Hope that helps.......JJ
5265383 tn?1483808356
JJ's response was excellent and her last paragraph is of utmost importance -- see specialists for each of your issues.  I had a neurogenic bladder diagnosis 18 months before my ms neuro was willing to diagnose me.

Neurogenic cause kept piling up as i got sent around to different specialists.

When your mris aren't textbook, it's either not MS ... or you're not textbook.  Be open to both possibilities and keep pursuing help for your symptoms.
5265383 tn?1483808356
Forgot to add .. With the eye pain, See a neuro ophthalmologist.  In my experience, and in the experience of others I know, neuro opths DON'T mess around like neurologists do.

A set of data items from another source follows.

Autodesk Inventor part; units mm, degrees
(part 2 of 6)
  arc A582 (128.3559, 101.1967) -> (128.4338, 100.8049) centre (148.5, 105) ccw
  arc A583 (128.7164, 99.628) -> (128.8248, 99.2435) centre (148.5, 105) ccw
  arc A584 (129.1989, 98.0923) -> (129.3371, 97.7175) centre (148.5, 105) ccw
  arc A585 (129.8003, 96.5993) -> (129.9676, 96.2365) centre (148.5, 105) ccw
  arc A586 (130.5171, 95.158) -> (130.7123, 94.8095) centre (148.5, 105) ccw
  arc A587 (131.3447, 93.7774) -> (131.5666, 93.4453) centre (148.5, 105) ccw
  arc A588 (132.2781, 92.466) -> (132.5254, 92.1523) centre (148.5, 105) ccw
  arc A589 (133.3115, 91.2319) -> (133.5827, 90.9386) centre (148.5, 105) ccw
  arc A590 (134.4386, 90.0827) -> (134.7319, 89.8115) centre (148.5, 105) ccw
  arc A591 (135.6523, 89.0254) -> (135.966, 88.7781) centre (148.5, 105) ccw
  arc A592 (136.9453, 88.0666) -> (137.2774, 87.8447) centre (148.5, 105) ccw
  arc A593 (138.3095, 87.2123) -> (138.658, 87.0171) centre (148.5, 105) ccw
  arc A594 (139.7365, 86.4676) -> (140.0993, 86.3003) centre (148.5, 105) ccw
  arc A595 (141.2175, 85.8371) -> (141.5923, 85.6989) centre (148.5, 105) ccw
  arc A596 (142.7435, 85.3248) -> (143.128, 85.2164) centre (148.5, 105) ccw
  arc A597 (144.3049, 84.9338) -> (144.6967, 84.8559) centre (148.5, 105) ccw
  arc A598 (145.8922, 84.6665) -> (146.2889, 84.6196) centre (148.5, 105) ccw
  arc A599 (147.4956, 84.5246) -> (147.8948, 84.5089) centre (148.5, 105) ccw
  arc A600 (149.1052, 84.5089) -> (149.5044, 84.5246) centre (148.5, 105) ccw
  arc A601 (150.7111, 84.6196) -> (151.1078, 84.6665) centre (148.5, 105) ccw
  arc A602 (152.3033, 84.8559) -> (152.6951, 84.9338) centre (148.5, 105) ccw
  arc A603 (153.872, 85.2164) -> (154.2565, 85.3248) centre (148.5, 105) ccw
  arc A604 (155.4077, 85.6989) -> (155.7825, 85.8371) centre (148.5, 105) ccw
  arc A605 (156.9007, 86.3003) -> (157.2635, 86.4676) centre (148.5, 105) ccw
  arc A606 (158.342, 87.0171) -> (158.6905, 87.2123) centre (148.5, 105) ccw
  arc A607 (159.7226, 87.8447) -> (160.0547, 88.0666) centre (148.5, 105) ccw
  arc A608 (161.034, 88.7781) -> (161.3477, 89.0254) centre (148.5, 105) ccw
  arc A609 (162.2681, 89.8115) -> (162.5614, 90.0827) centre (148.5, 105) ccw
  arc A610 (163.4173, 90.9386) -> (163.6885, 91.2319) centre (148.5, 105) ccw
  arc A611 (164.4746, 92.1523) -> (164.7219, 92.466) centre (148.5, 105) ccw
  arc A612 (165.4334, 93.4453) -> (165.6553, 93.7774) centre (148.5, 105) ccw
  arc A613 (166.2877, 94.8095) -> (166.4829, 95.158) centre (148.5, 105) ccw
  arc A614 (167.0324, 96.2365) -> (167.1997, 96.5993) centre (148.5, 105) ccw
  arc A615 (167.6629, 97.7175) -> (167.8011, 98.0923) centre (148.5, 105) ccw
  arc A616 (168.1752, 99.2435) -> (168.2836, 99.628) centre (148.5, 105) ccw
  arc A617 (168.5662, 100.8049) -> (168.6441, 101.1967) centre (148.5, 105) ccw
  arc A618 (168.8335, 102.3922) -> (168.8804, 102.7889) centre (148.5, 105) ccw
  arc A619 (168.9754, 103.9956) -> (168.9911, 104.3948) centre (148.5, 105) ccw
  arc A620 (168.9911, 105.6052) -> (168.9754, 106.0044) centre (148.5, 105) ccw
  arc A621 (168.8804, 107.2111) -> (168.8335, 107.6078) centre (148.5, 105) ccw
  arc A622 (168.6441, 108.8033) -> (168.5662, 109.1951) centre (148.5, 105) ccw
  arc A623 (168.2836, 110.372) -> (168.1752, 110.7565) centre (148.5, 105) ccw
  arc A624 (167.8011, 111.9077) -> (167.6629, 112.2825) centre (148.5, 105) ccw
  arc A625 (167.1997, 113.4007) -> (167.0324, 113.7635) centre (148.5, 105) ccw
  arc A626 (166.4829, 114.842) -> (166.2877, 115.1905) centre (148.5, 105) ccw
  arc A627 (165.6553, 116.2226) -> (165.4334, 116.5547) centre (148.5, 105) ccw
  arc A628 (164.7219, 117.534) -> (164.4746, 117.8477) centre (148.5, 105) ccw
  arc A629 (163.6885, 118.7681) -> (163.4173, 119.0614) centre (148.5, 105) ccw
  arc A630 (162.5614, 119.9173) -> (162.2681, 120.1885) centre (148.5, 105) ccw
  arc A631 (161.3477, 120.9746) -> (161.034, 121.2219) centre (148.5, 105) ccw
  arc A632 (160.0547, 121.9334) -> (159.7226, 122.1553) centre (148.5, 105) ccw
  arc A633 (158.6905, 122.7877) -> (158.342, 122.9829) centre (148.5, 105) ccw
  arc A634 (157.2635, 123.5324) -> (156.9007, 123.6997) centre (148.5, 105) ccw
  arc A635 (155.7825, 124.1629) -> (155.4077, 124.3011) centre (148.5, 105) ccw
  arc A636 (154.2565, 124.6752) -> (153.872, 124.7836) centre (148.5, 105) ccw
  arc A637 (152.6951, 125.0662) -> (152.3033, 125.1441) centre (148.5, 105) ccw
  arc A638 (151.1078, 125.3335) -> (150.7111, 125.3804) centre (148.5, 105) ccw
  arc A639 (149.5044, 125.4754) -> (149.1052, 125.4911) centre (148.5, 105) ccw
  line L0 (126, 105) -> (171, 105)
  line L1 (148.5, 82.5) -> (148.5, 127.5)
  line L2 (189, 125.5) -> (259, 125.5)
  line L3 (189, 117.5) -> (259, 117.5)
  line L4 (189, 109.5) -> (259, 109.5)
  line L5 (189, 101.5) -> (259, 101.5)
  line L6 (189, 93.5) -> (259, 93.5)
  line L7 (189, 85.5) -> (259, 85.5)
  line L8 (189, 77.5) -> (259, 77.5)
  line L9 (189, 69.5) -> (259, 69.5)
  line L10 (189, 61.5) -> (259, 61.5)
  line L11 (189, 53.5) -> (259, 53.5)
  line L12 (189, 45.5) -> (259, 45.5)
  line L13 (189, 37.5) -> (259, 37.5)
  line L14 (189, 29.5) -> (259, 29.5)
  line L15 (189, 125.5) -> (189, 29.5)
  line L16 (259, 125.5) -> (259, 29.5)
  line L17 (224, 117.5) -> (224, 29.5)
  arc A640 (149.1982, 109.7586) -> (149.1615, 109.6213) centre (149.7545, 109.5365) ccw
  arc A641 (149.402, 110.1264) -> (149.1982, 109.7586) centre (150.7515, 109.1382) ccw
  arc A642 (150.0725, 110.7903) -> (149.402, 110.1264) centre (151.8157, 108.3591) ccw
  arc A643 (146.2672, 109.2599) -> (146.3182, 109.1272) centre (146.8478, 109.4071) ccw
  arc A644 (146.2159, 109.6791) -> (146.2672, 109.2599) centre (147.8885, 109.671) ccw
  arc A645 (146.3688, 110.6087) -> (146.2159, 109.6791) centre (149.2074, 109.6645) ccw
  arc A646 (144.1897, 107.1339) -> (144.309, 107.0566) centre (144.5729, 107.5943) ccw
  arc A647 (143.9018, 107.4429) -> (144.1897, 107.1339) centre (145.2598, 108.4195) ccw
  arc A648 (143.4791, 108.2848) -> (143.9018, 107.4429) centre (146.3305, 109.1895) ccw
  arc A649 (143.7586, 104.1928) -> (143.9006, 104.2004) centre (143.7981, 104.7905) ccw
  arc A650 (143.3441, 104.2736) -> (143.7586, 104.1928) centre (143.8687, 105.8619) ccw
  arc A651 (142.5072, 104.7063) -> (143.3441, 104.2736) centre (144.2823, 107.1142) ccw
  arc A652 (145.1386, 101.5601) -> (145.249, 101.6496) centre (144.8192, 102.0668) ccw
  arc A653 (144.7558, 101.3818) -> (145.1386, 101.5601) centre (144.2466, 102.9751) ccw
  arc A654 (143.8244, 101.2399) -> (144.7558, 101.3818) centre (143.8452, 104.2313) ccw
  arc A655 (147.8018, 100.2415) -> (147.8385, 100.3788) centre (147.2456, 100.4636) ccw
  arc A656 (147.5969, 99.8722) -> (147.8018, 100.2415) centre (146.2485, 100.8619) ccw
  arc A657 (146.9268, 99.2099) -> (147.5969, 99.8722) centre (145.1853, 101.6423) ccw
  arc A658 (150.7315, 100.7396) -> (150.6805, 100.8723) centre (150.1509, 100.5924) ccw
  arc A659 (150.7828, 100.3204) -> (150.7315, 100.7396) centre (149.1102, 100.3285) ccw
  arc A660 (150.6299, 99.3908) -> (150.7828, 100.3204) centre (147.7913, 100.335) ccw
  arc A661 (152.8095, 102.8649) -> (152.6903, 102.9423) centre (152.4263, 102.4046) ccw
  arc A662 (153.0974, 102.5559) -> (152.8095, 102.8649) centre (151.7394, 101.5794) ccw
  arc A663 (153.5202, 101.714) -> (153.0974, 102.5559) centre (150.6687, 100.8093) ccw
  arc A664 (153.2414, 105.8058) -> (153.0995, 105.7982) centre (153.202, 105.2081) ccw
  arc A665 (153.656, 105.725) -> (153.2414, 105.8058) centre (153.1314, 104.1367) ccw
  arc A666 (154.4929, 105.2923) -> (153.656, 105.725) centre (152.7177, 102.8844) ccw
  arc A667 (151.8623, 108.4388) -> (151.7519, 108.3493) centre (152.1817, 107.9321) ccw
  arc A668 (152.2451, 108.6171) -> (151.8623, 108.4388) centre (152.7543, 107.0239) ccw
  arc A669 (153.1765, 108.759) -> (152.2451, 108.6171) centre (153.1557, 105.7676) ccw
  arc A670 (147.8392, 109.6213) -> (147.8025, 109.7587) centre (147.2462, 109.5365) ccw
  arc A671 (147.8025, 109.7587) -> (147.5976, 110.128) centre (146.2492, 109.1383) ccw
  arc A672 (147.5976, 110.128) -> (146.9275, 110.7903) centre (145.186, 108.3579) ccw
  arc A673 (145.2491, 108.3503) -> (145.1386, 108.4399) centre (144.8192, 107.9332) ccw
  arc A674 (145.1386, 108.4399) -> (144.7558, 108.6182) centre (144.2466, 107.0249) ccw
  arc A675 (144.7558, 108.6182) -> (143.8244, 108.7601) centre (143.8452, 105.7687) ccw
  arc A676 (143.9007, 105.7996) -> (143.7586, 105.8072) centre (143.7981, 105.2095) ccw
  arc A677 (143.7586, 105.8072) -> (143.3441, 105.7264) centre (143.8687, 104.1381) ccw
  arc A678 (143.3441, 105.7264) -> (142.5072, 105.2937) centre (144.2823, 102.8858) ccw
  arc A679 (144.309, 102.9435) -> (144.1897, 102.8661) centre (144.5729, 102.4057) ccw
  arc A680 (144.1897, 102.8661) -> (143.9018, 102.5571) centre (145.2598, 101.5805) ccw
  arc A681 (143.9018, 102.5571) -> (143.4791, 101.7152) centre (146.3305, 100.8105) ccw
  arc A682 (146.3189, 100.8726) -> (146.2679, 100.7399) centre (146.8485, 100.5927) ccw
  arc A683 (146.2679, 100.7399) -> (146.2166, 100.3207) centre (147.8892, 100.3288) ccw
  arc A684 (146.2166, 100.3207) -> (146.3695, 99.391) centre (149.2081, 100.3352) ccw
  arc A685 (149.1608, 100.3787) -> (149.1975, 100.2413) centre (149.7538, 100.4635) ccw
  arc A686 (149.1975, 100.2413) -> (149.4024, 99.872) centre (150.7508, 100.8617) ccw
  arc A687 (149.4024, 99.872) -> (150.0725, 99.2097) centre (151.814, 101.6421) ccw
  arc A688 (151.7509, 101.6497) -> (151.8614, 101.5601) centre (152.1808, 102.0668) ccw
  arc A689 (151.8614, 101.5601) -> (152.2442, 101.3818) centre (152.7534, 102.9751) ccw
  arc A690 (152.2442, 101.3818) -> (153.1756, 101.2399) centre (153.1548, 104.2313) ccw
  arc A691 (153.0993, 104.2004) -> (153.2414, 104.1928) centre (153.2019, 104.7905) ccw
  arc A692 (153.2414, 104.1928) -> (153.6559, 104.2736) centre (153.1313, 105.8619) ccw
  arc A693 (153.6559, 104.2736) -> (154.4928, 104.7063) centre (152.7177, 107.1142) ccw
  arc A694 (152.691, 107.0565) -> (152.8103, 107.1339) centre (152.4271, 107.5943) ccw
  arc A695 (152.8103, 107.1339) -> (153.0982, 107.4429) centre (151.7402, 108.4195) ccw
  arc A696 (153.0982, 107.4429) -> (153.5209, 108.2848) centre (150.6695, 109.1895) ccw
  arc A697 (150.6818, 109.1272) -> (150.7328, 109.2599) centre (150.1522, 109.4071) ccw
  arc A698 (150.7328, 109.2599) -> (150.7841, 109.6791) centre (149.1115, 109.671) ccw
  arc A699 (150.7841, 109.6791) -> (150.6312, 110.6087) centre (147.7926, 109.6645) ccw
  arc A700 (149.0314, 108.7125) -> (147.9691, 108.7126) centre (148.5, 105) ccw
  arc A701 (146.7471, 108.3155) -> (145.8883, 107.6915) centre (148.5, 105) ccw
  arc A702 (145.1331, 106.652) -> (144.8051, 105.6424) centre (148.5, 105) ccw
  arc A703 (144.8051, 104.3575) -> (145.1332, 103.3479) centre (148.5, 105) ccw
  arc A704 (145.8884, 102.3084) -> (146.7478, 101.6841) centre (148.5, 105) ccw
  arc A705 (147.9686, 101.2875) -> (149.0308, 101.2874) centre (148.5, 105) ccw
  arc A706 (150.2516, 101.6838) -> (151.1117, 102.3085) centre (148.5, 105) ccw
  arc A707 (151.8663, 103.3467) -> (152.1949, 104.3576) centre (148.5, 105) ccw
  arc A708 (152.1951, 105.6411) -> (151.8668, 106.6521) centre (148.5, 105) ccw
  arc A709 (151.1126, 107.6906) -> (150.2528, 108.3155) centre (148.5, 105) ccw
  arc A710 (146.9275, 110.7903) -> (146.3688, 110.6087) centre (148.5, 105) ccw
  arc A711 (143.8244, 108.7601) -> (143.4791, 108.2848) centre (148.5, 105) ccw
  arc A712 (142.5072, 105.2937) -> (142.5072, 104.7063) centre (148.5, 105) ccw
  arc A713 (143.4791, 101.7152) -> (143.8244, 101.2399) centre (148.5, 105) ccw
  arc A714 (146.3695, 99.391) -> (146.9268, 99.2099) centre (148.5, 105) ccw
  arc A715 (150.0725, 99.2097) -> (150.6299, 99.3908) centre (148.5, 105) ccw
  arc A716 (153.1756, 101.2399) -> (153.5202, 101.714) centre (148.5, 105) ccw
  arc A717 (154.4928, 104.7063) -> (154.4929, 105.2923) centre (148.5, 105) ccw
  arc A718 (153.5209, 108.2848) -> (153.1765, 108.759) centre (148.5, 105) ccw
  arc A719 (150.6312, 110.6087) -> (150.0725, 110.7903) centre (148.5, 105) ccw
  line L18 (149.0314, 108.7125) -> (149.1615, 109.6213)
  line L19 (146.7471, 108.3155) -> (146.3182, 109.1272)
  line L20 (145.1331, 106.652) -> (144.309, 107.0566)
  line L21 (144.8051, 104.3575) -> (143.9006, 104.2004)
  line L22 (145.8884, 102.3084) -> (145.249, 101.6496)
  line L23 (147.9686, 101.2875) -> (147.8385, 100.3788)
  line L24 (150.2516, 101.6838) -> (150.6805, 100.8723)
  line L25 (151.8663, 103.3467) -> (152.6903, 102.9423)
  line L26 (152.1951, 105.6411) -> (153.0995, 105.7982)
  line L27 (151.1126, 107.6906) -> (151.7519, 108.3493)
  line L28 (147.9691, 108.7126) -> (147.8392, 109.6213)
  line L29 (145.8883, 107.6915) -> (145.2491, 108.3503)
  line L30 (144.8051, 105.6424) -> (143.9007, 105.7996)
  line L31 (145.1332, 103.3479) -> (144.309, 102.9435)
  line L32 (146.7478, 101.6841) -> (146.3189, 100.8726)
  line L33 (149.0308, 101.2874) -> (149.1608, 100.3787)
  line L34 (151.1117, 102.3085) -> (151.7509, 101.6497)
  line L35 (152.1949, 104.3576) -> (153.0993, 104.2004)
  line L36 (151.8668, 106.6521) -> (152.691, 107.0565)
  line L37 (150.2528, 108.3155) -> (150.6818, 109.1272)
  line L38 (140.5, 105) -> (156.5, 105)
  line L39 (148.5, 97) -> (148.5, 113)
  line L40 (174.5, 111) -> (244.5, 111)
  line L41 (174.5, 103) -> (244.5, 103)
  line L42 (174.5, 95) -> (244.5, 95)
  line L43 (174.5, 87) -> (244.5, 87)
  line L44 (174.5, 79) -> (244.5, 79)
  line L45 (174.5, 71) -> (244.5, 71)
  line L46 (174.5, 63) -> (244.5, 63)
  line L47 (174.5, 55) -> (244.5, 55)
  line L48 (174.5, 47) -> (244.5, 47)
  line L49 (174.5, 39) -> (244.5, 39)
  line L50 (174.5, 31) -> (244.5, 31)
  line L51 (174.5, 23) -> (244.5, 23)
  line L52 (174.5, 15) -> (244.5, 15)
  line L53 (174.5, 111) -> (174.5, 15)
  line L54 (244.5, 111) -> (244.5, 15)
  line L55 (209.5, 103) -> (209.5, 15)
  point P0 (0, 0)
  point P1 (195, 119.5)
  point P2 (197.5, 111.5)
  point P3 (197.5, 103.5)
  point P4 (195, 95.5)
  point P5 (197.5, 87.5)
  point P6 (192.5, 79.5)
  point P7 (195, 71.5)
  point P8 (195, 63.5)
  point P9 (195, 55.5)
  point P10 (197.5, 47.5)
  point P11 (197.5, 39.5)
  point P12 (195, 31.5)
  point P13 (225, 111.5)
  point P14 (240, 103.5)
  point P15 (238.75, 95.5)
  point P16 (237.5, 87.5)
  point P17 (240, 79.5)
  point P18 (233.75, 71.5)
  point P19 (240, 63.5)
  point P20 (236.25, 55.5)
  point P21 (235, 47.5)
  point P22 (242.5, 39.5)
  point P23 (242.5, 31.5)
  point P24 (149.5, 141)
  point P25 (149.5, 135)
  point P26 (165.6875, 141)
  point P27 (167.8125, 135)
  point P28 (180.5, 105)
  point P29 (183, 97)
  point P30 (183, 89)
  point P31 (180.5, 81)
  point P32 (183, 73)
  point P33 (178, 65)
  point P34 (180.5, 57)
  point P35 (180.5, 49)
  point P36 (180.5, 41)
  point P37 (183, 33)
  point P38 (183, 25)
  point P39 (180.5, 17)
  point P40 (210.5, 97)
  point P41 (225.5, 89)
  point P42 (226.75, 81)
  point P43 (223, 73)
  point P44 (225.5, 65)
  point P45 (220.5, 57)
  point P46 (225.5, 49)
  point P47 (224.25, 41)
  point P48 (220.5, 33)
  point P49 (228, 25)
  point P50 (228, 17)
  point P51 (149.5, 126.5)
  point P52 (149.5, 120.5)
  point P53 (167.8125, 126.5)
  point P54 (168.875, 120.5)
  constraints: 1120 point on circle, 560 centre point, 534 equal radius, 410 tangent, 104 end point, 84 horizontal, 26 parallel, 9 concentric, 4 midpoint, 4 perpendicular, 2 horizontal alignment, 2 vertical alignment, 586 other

Also, I had a diagnosis of migraine at one point.  And there was concern about ALS.  And my mental health ... You name it.

667078 tn?1316000935
     Something is going on.  The eye problems you describe would not be MS. There are only two eye conditions in MS optic neuritis which would show up on any MRI after having it or on the eye test where they look at the back of the eye. That only happens in one eye at a time and many times has permanent damage. It would not happen in both eyes in a short period of time or at the same time. The other eye condition is double vision.
     No test rules MS in or out and only a neurologist can diagnose it. You may need a MS Specialist to rule it in or out. Neurologists specialize and not all of them are good at MS. If a neurologist is a headache specialist Migraine may be the diagnosis. It may take time to get into a MS Specialist because there are not as many of them as other neurologists.
It takes years to be diagnosed with MS. Neurologists like to follow you overtime. When you change neurologists you often start at square one. Neurologists work a certain way. They look at the tests they do a neurological exam. That is reflexes. etc.It is more important then a MRI is. They look at your symptoms and history. Then they ask you if you have questions. This is when you bring up anything. Not before. They do not like emotion. Also they address one symptom at a time. I am given one symptom per visit.  
     They go by the Mc Donald Criteria. They do a lot of tests to rule any other illness out. I had clear MS from the beginning and it took two years to be diagnosed.I did go to a headache specialist and she said it was Migraine and definitely not MS.
Neurology time is slow. Stroke and such are the only emergencies which require a fast diagnosis. The trick is it is not MS until they decide it is. If they give you another appointment they are not dissing you. Concentrating on headaches is because that is a chief complaint.
     Something is going on with you. It may or may not be MS. I know it is frustrating.